Computer technology is constantly advancing, but there are some ways in which it’s come to a surprising halt. The integrated circuits that perform the computation process have gotten about as good as they can get with current technology. To move toward the future, researchers are looking at new ways to make computation processes faster and more efficient.
One such way to do that is to explore neural computing, a model inspired by the way human brains function. Neural computing is often seen as “fuzzy,” something that we don’t have a solid grasp on because we don’t understand the human brain well enough to simply model computers on it. That said, there are teams working on applying what we do know about the human mind to computers.

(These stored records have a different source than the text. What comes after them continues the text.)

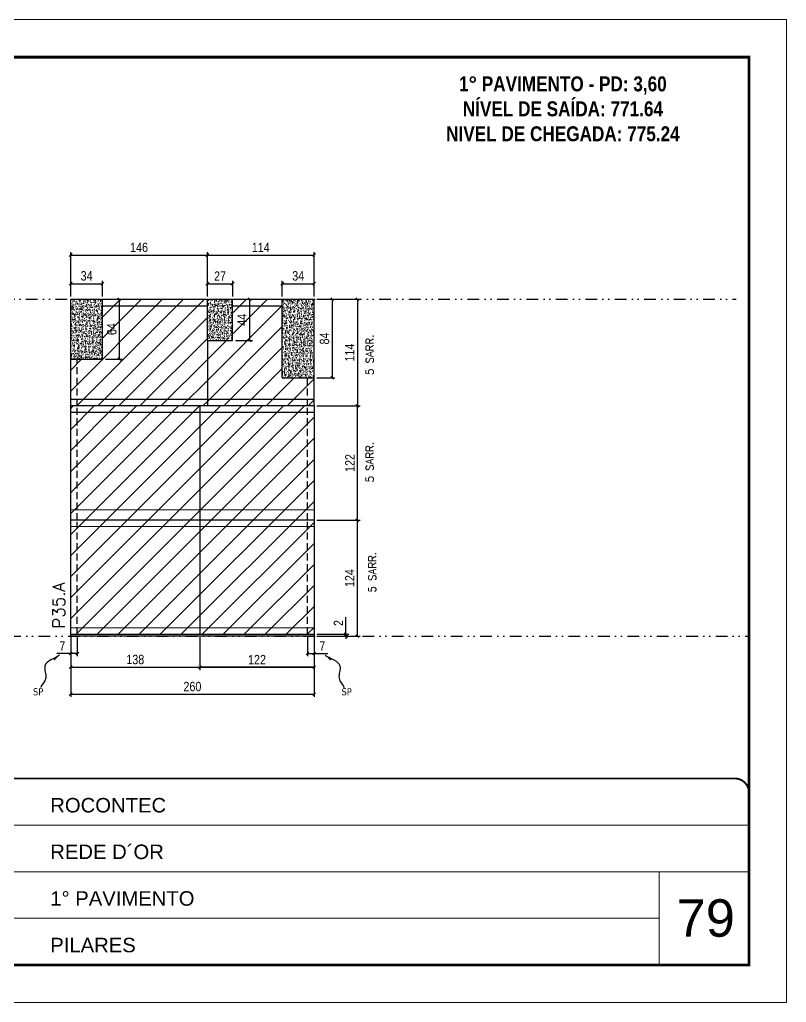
# Model space of a CAD drawing. Extents: x 2949 to 9203, y -16089 to 12527.
# Drawn here: x 6799 to 7618, y -10346 to -9296 of the extents above; entities that cross this region are included whole.
import ezdxf

# ---------------------------------------------------------------- set-up
doc = ezdxf.new("R2010")
doc.units = 0
for name, pattern in [('CONTINUO', [0]), ('DASHED', [0.75, 0.5, -0.25]), ('DIVIDE2', [0.625, 0.25, -0.125, 0, -0.125, 0, -0.125]), ('HIDDEN', [0.375, 0.25, -0.125])]:
    doc.linetypes.add(name, pattern=pattern)
for name, color, linetype, lineweight in [('CARIMBO', 255, 'Continuous', 9), ('Folhas', 255, 'Continuous', 9), ('Hachura', 251, 'Continuous', 9), ('Sarr 2.2x7', 40, 'Continuous', 9), ('SARRAFO DE PRESSAO', 251, 'DASHED', 9), ('Texto Seção', 7, 'Continuous', 15)]:
    doc.layers.add(name, color=color, linetype=linetype, lineweight=lineweight)
for name, color, linetype in [('COTA', 241, 'Continuous'), ('NOMENCLATURA', 7, 'Continuous'), ('Nível', 160, 'Continuous'), ('Painéis', 200, 'Continuous'), ('SARR_2.2x7', 40, 'Continuous'), ('Sarrafo de Pressão', 42, 'HIDDEN'), ('texto', 7, 'Continuous')]:
    doc.layers.add(name, color=color, linetype=linetype)
doc.styles.add('ARIAL', font='arial.ttf')
doc.styles.add('COTA TECNICA', font='techl___.ttf', dxfattribs={"height": 10})
doc.styles.add('COTA TECNICA-50', font='techl___.ttf', dxfattribs={"height": 10})
doc.styles.add('REGUA-120', font='ROMANS.shx', dxfattribs={"height": 15})
doc.styles.add('ROMANC', font='techb___.ttf', dxfattribs={"height": 2.5})
doc.styles.add('ROMANS', font='romans.shx')
doc.styles.get("Standard").update_dxf_attribs({"font": 'arial.ttf'})
doc.dimstyles.new('COTA PAINEL-50', dxfattribs={"dimtxt": 10, "dimasz": 3, "dimexe": 3, "dimexo": 3, "dimgap": 3, "dimtad": 1, "dimdec": 1, "dimzin": 12, "dimdsep": 46, "dimtxsty": 'COTA TECNICA-50', "dimblk1": 'OBLIQUE', "dimblk2": 'OBLIQUE', "dimsah": 1, "dimcen": 0.9, "dimclrd": 4, "dimclre": 4, "dimclrt": 240, "dimadec": 1, "dimazin": 3, "dimtfac": 1, "dimtdec": 1, "dimtmove": 0, "dimatfit": 3, "dimfxl": 1, "dimtolj": 1, "dimtzin": 12, "dimarcsym": 0})
doc.dimstyles.new('PAINEL', dxfattribs={"dimtxt": 10, "dimasz": 3, "dimexe": 3, "dimexo": 3, "dimgap": 3, "dimtad": 1, "dimdec": 1, "dimzin": 12, "dimdsep": 46, "dimtxsty": 'COTA TECNICA', "dimblk1": 'OBLIQUE', "dimblk2": 'OBLIQUE', "dimsah": 1, "dimcen": 0.9, "dimclrd": 4, "dimclre": 4, "dimclrt": 240, "dimadec": 1, "dimazin": 3, "dimtfac": 1, "dimtdec": 1, "dimtmove": 0, "dimatfit": 3, "dimfxl": 1, "dimtolj": 1, "dimtzin": 12, "dimarcsym": 0})
doc.dimstyles.get("Standard").update_dxf_attribs({"dimtxt": 0.18, "dimasz": 0.18, "dimexe": 0.18, "dimexo": 0.0625, "dimgap": 0.09, "dimtad": 0, "dimtih": 1, "dimtoh": 1, "dimdec": 4, "dimzin": 0, "dimdsep": 46, "dimtxsty": 'Standard', "dimcen": 0.09, "dimadec": 0, "dimazin": 0, "dimtfac": 1, "dimtdec": 4, "dimtofl": 0, "dimtmove": 0, "dimatfit": 3, "dimfxl": 1, "dimtolj": 1, "dimtzin": 0, "dimarcsym": 0})
pattern_1 = [(45, (-127656.967, -38793.522), (-11.2253202, 11.2253202), [])]
pattern_2 = [(50, (846.7493, -6276.9194), (5.46554, -0.4781726), [0.5715, -6.2865]), (355, (846.7493, -6276.9194), (-1.0573026, 5.7317054), [0.4572, -5.0292175]), (100.451445, (847.205, -6276.9593), (4.4082374, 5.2535326), [0.4857003, -5.3427073]), (46.1842, (846.749, -6275.3954), (8.132371, -1.26127), [0.85725, -9.42975]), (96.63556, (847.427, -6275.5005), (7.122124, 7.422784), [0.728551, -8.014068]), (351.18415, (846.749, -6275.3954), (7.122124, 7.422784), [0.685799, -7.543792]), (21, (847.5113, -6275.7764), (4.5484317, -3.067956), [0.5715, -6.2865]), (326, (847.5113, -6275.7764), (1.854061, 5.525639), [0.4572, -5.0292]), (71.451445, (847.8904, -6276.032), (6.4024926, 2.457683), [0.4857003, -5.342698]), (37.5, (846.7493, -6276.9194), (0.0926581, 2.53665117), [0, -4.96824, 0, -5.1054, 0, -5.04825]), (7.5, (846.7493, -6276.9194), (2.0045899, 3.0054172), [0, -2.91084, 0, -4.85394, 0, -1.92405]), (327.5, (845.05, -6276.9194), (4.06771786, -0.1718623), [0, -1.905, 0, -5.9436, 0, -7.8867]), (317.5, (844.288, -6276.9194), (4.4438754, 0.7627947), [0, -2.4765, 0, -3.94716, 0, -5.6007])]

# ---------------------------------------------------------------- blocks, each defined once
blk = doc.blocks.new('9999999999')
at = {"color": 30, "linetype": 'CONTINUO'}
for p, q in [((98564.6, 34379.6), (99584, 34379.6)), ((98564.6, 34329.8), (99488, 34329.8)), ((99584, 34329.8), (99488, 34329.8)), ((99488, 34329.8), (99488, 34230.2)), ((98564.6, 34280), (99488, 34280))]:
    blk.add_line(p, q, dxfattribs=at)
at = {"color": 30, "linetype": 'CONTINUO', "const_width": 2}
blk.add_lwpolyline([(99584, 34230.2), (99584, 34414.4, 0.414214), (99569, 34429.4), (98229, 34429.4, 0.414214), (98214, 34414.4), (98214, 34245.2, 0.414214), (98229, 34230.2), (99584, 34230.2)], format="xyb", dxfattribs=at)
at = {"layer": 'Folhas'}
blk.add_lwpolyline([(98139, 34190.2), (99624, 34190.2), (99624, 35240.2), (98139, 35240.2)], close=True, dxfattribs=at)
at = {"layer": 'Folhas', "color": 30, "const_width": 3}
blk.add_lwpolyline([(98214, 34230.2), (99584, 34230.2), (99584, 35200.2), (98214, 35200.2)], close=True, dxfattribs=at)
at = {"color": 7, "linetype": 'Continuous', "ltscale": 5, "style": 'ARIAL'}
for s, height, p in [('ROCONTEC', 15.48, (98837.7, 34393.1)), ('REDE D´OR', 15.48, (98837.7, 34343.3)), ('1° PAVIMENTO', 15.483, (98837.7, 34293.5)), ('PILARES', 15.48, (98837.7, 34243.7))]:
    blk.add_text(s, height=height, dxfattribs=at).set_placement(p)
blk = doc.blocks.new('_Oblique')
at = {"color": 0, "linetype": 'ByBlock', "lineweight": -2}
blk.add_line((-0.5, -0.5), (0.5, 0.5), dxfattribs=at)
blk = doc.blocks.new('*D2798')
at = {"layer": 'COTA', "color": 4, "lineweight": -2, "transparency": 16777216}
for p, q in [((6853.1, -9955.9), (6853.1, -10019.9)), ((7113.1, -9955.9), (7113.1, -10019.9)), ((6853.1, -10016.9), (7113.1, -10016.9))]:
    blk.add_line(p, q, dxfattribs=at)
at = {"layer": 'Defpoints', "color": 0, "transparency": 16777216}
for p in [(6853.1, -9952.9), (7113.1, -9952.9), (7113.1, -10016.9)]:
    blk.add_point(p, dxfattribs=at)
at = {"layer": 'COTA', "color": 4, "lineweight": -2, "transparency": 16777216, "xscale": 3, "yscale": 3, "zscale": 3, "rotation": 180}
blk.add_blockref('_Oblique', (6853.1, -10016.9), dxfattribs=at)
at = {"layer": 'COTA', "color": 4, "lineweight": -2, "transparency": 16777216, "xscale": 3, "yscale": 3, "zscale": 3}
blk.add_blockref('_Oblique', (7113.1, -10016.9), dxfattribs=at)
at = {"layer": 'COTA', "color": 240, "transparency": 16777216, "insert": (6983.1, -10008.8), "char_height": 10, "attachment_point": 5, "style": 'COTA TECNICA'}
blk.add_mtext('\\A1;260', dxfattribs=at)
blk = doc.blocks.new('*D2799')
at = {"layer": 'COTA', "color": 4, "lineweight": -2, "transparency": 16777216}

“We’re taking a stab at the scope of what neural algorithms can do,” says Braid Aimone, a computational neuroscientist at Sandia National Laboratories. “We’re not trying to be exhaustive, but rather we’re trying to highlight the kind of application over which algorithms may be impactful.”
Take learning, for example. The human brain never stops learning, and is constantly responding to stimuli while doing other things. Machines, on the other hand, learn something, test it, and then they’re done. If we could get computers to learn continually, without having to tell them to do so, that would be a huge jump forward in computer power.
Even within the limits of computing power, technology has advanced at a breathtaking pace in the last few decades alone, with advancements begetting more advancements, faster and faster. If the development of neural computing leads to better ways for computers to do their jobs, it would be possible to develop even better ways to make our lives easier, help solve complex problems through computer modeling, and use that new technology to better run businesses and understand the global economy.